● **Your assignment**
Write out each entry below exactly. Do not include the images.

Start of Available records

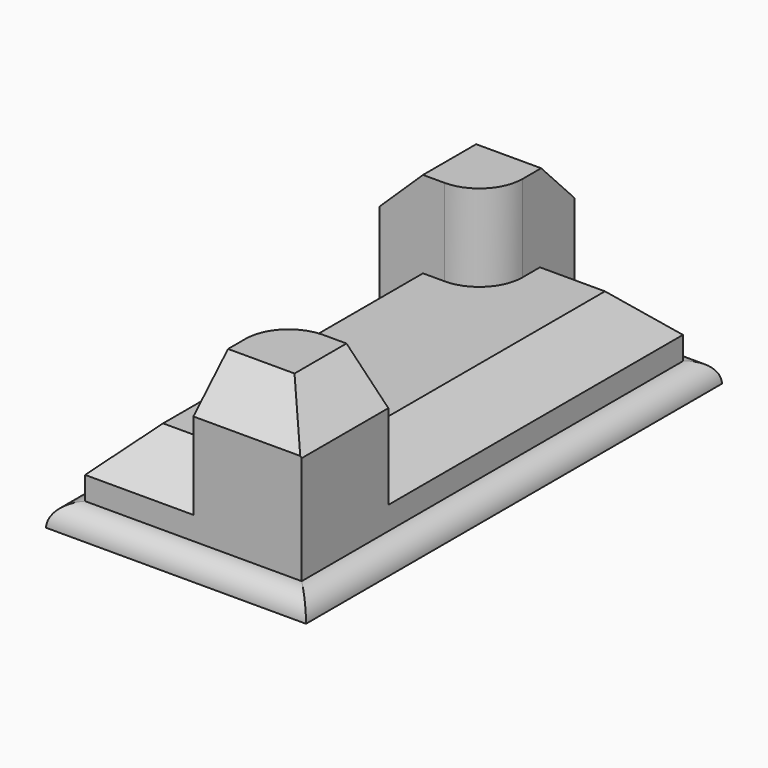
from build123d import *

# Parameters (mm, degrees)
F0_W        = 76.2
F0_H        = 152.4
F1_DEPTH    = 6.35
F2_DEPTH    = 25.4
F3_DEPTH    = 50.8
F4_C1_SIZE2 = 12.7
F4_C1_SIZE  = 12.26424744
F4_C2_SIZE2 = 12.7
F4_C2_SIZE  = 12.26424744
F4_C3_SIZE2 = 12.26424744
F4_C3_SIZE  = 12.7
F4_C4_SIZE2 = 12.7
F4_C4_SIZE  = 12.26424744
F4_C5_SIZE2 = 12.26424744
F4_C5_SIZE  = 12.7
F4_C6_SIZE2 = 12.26424744
F4_C6_SIZE  = 12.7
F4_C7_SIZE2 = 12.26424744
F4_C7_SIZE  = 12.7
F4_C8_SIZE2 = 12.26424744
F4_C8_SIZE  = 12.7
F5_R        = 6.34999


# Not quite as in the source:
# - a fillet or chamfer is up to 0.001 mm smaller than in the source, because OpenCascade refuses the exact size


with BuildPart() as f1:
    # F0 (on Top) → F1 (new body)
    with BuildSketch(Plane.XY):
        with Locations((0, -69.85)):
            Rectangle(F0_W, F0_H)
        Polygon((-31.75, -31.75), (-31.75, 0), (0, 0), (31.75, 0), (31.75, -107.95), (31.75, -139.7), (0, -139.7), (-31.75, -139.7), align=None, mode=Mode.SUBTRACT)
    extrude(amount=F1_DEPTH)

    # F0 (on Top) → F2 (join)
    with BuildSketch(Plane.XY):
        with BuildLine():
            Line((31.75, 0), (0, 0))
            Line((0, 0), (0, -19.05))
            ThreePointArc((0, -19.05), (-3.7197438789, -28.0302561211), (-12.7, -31.75))
            Line((-12.7, -31.75), (-31.75, -31.75))
            Line((-31.75, -31.75), (-31.75, -139.7))
            Line((-31.75, -139.7), (0, -139.7))
            Line((0, -139.7), (0, -120.65))
            ThreePointArc((0, -120.65), (3.7197438789, -111.6697438789), (12.7, -107.95))
            Line((12.7, -107.95), (31.75, -107.95))
            Line((31.75, -107.95), (31.75, 0))
        make_face()
    extrude(amount=F2_DEPTH)

    # F0 (on Top) → F3 (join)
    with BuildSketch(Plane.XY):
        with BuildLine():
            Line((0, 0), (-31.75, 0))
            Line((-31.75, 0), (-31.75, -31.75))
            Line((-31.75, -31.75), (-12.7, -31.75))
            ThreePointArc((-12.7, -31.75), (-3.7197438789, -28.0302561211), (0, -19.05))
            Line((0, -19.05), (0, 0))
        make_face()
        with BuildLine():
            Line((31.75, -139.7), (31.75, -107.95))
            Line((31.75, -107.95), (12.7, -107.95))
            ThreePointArc((12.7, -107.95), (3.7197438789, -111.6697438789), (0, -120.65))
            Line((0, -120.65), (0, -139.7))
            Line((0, -139.7), (31.75, -139.7))
        make_face()
    extrude(amount=F3_DEPTH)

    # F4: chamfer of 12.7 x 12.26424744 on 8 edges, made by hand

    # F4_c1
    f4_c1_edges = [f1.edges().sort_by_distance(p)[0] for p in [
        (-15.875, -139.7, 25.4),
    ]]
    f4_c1_side = f1.faces().sort_by_distance((-15.875, -139.7, 25.1547150512))[0]
    chamfer(f4_c1_edges, length=F4_C1_SIZE, length2=F4_C1_SIZE2, reference=f4_c1_side)

    # F4_c2
    f4_c2_edges = [f1.edges().sort_by_distance(p)[0] for p in [
        (15.875, -139.7, 50.8),
    ]]
    f4_c2_side = f1.faces().sort_by_distance((15.875, -139.7, 50.5547150512))[0]
    chamfer(f4_c2_edges, length=F4_C2_SIZE, length2=F4_C2_SIZE2, reference=f4_c2_side)

    # F4_c3
    f4_c3_edges = [f1.edges().sort_by_distance(p)[0] for p in [
        (31.75, -117.475, 50.8),
    ]]
    f4_c3_side = f1.faces().sort_by_distance((31.75, -117.475, 50.5547150512))[0]
    chamfer(f4_c3_edges, length=F4_C3_SIZE, length2=F4_C3_SIZE2, reference=f4_c3_side)

    # F4_c4
    f4_c4_edges = [f1.edges().sort_by_distance(p)[0] for p in [
        (15.875, 0, 25.4),
    ]]
    f4_c4_side = f1.faces().sort_by_distance((15.875, 0, 25.1547150512))[0]
    chamfer(f4_c4_edges, length=F4_C4_SIZE, length2=F4_C4_SIZE2, reference=f4_c4_side)

    # F4_c5
    f4_c5_edges = [f1.edges().sort_by_distance(p)[0] for p in [
        (-31.75, -79.375, 25.4),
    ]]
    f4_c5_side = f1.faces().sort_by_distance((-31.5047150512, -79.375, 25.4))[0]
    chamfer(f4_c5_edges, length=F4_C5_SIZE, length2=F4_C5_SIZE2, reference=f4_c5_side)

    # F4_c6
    f4_c6_edges = [f1.edges().sort_by_distance(p)[0] for p in [
        (31.75, -60.325, 25.4),
    ]]
    f4_c6_side = f1.faces().sort_by_distance((31.5047150512, -60.325, 25.4))[0]
    chamfer(f4_c6_edges, length=F4_C6_SIZE, length2=F4_C6_SIZE2, reference=f4_c6_side)

    # F4_c7
    f4_c7_edges = [f1.edges().sort_by_distance(p)[0] for p in [
        (-15.875, 0, 50.8),
    ]]
    f4_c7_side = f1.faces().sort_by_distance((-15.875, 0, 50.5547150512))[0]
    chamfer(f4_c7_edges, length=F4_C7_SIZE, length2=F4_C7_SIZE2, reference=f4_c7_side)

    # F4_c8
    f4_c8_edges = [f1.edges().sort_by_distance(p)[0] for p in [
        (-31.75, -22.00712372, 50.8),
    ]]
    f4_c8_side = f1.faces().sort_by_distance((-31.5047150512, -22.00712372, 50.8))[0]
    chamfer(f4_c8_edges, length=F4_C8_SIZE, length2=F4_C8_SIZE2, reference=f4_c8_side)

    # F5 (radius 6.35 in the source; OpenCascade refuses exactly that, so slightly less here)
    f5_edges = [f1.edges().sort_by_distance(p)[0] for p in [
        (38.1, -69.85, 6.35),
        (0, 6.35, 6.35),
        (-38.1, -69.85, 6.35),
        (0, -146.05, 6.35),
    ]]
    fillet(f5_edges, radius=F5_R)


solid = f1.part

End of Available records

● **Task output**
from build123d import *

# Parameters (mm, degrees)
F0_W        = 76.2
F0_H        = 152.4
F1_DEPTH    = 6.35
F2_DEPTH    = 25.4
F3_DEPTH    = 50.8
F4_C1_SIZE2 = 12.7
F4_C1_SIZE  = 12.26424744
F4_C2_SIZE2 = 12.7
F4_C2_SIZE  = 12.26424744
F4_C3_SIZE2 = 12.26424744
F4_C3_SIZE  = 12.7
F4_C4_SIZE2 = 12.7
F4_C4_SIZE  = 12.26424744
F4_C5_SIZE2 = 12.26424744
F4_C5_SIZE  = 12.7
F4_C6_SIZE2 = 12.26424744
F4_C6_SIZE  = 12.7
F4_C7_SIZE2 = 12.26424744
F4_C7_SIZE  = 12.7
F4_C8_SIZE2 = 12.26424744
F4_C8_SIZE  = 12.7
F5_R        = 6.34999


# Not quite as in the source:
# - a fillet or chamfer is up to 0.001 mm smaller than in the source, because OpenCascade refuses the exact size


with BuildPart() as f1:
    # F0 (on Top) → F1 (new body)
    with BuildSketch(Plane.XY):
        with Locations((0, -69.85)):
            Rectangle(F0_W, F0_H)
        Polygon((-31.75, -31.75), (-31.75, 0), (0, 0), (31.75, 0), (31.75, -107.95), (31.75, -139.7), (0, -139.7), (-31.75, -139.7), align=None, mode=Mode.SUBTRACT)
    extrude(amount=F1_DEPTH)

    # F0 (on Top) → F2 (join)
    with BuildSketch(Plane.XY):
        with BuildLine():
            Line((31.75, 0), (0, 0))
            Line((0, 0), (0, -19.05))
            ThreePointArc((0, -19.05), (-3.7197438789, -28.0302561211), (-12.7, -31.75))
            Line((-12.7, -31.75), (-31.75, -31.75))
            Line((-31.75, -31.75), (-31.75, -139.7))
            Line((-31.75, -139.7), (0, -139.7))
            Line((0, -139.7), (0, -120.65))
            ThreePointArc((0, -120.65), (3.7197438789, -111.6697438789), (12.7, -107.95))
            Line((12.7, -107.95), (31.75, -107.95))
            Line((31.75, -107.95), (31.75, 0))
        make_face()
    extrude(amount=F2_DEPTH)

    # F0 (on Top) → F3 (join)
    with BuildSketch(Plane.XY):
        with BuildLine():
            Line((0, 0), (-31.75, 0))
            Line((-31.75, 0), (-31.75, -31.75))
            Line((-31.75, -31.75), (-12.7, -31.75))
            ThreePointArc((-12.7, -31.75), (-3.7197438789, -28.0302561211), (0, -19.05))
            Line((0, -19.05), (0, 0))
        make_face()
        with BuildLine():
            Line((31.75, -139.7), (31.75, -107.95))
            Line((31.75, -107.95), (12.7, -107.95))
            ThreePointArc((12.7, -107.95), (3.7197438789, -111.6697438789), (0, -120.65))
            Line((0, -120.65), (0, -139.7))
            Line((0, -139.7), (31.75, -139.7))
        make_face()
    extrude(amount=F3_DEPTH)

    # F4: chamfer of 12.7 x 12.26424744 on 8 edges, made by hand

    # F4_c1
    f4_c1_edges = [f1.edges().sort_by_distance(p)[0] for p in [
        (-15.875, -139.7, 25.4),
    ]]
    f4_c1_side = f1.faces().sort_by_distance((-15.875, -139.7, 25.1547150512))[0]
    chamfer(f4_c1_edges, length=F4_C1_SIZE, length2=F4_C1_SIZE2, reference=f4_c1_side)

    # F4_c2
    f4_c2_edges = [f1.edges().sort_by_distance(p)[0] for p in [
        (15.875, -139.7, 50.8),
    ]]
    f4_c2_side = f1.faces().sort_by_distance((15.875, -139.7, 50.5547150512))[0]
    chamfer(f4_c2_edges, length=F4_C2_SIZE, length2=F4_C2_SIZE2, reference=f4_c2_side)

    # F4_c3
    f4_c3_edges = [f1.edges().sort_by_distance(p)[0] for p in [
        (31.75, -117.475, 50.8),
    ]]
    f4_c3_side = f1.faces().sort_by_distance((31.75, -117.475, 50.5547150512))[0]
    chamfer(f4_c3_edges, length=F4_C3_SIZE, length2=F4_C3_SIZE2, reference=f4_c3_side)

    # F4_c4
    f4_c4_edges = [f1.edges().sort_by_distance(p)[0] for p in [
        (15.875, 0, 25.4),
    ]]
    f4_c4_side = f1.faces().sort_by_distance((15.875, 0, 25.1547150512))[0]
    chamfer(f4_c4_edges, length=F4_C4_SIZE, length2=F4_C4_SIZE2, reference=f4_c4_side)

    # F4_c5
    f4_c5_edges = [f1.edges().sort_by_distance(p)[0] for p in [
        (-31.75, -79.375, 25.4),
    ]]
    f4_c5_side = f1.faces().sort_by_distance((-31.5047150512, -79.375, 25.4))[0]
    chamfer(f4_c5_edges, length=F4_C5_SIZE, length2=F4_C5_SIZE2, reference=f4_c5_side)

    # F4_c6
    f4_c6_edges = [f1.edges().sort_by_distance(p)[0] for p in [
        (31.75, -60.325, 25.4),
    ]]
    f4_c6_side = f1.faces().sort_by_distance((31.5047150512, -60.325, 25.4))[0]
    chamfer(f4_c6_edges, length=F4_C6_SIZE, length2=F4_C6_SIZE2, reference=f4_c6_side)

    # F4_c7
    f4_c7_edges = [f1.edges().sort_by_distance(p)[0] for p in [
        (-15.875, 0, 50.8),
    ]]
    f4_c7_side = f1.faces().sort_by_distance((-15.875, 0, 50.5547150512))[0]
    chamfer(f4_c7_edges, length=F4_C7_SIZE, length2=F4_C7_SIZE2, reference=f4_c7_side)

    # F4_c8
    f4_c8_edges = [f1.edges().sort_by_distance(p)[0] for p in [
        (-31.75, -22.00712372, 50.8),
    ]]
    f4_c8_side = f1.faces().sort_by_distance((-31.5047150512, -22.00712372, 50.8))[0]
    chamfer(f4_c8_edges, length=F4_C8_SIZE, length2=F4_C8_SIZE2, reference=f4_c8_side)

    # F5 (radius 6.35 in the source; OpenCascade refuses exactly that, so slightly less here)
    f5_edges = [f1.edges().sort_by_distance(p)[0] for p in [
        (38.1, -69.85, 6.35),
        (0, 6.35, 6.35),
        (-38.1, -69.85, 6.35),
        (0, -146.05, 6.35),
    ]]
    fillet(f5_edges, radius=F5_R)


solid = f1.part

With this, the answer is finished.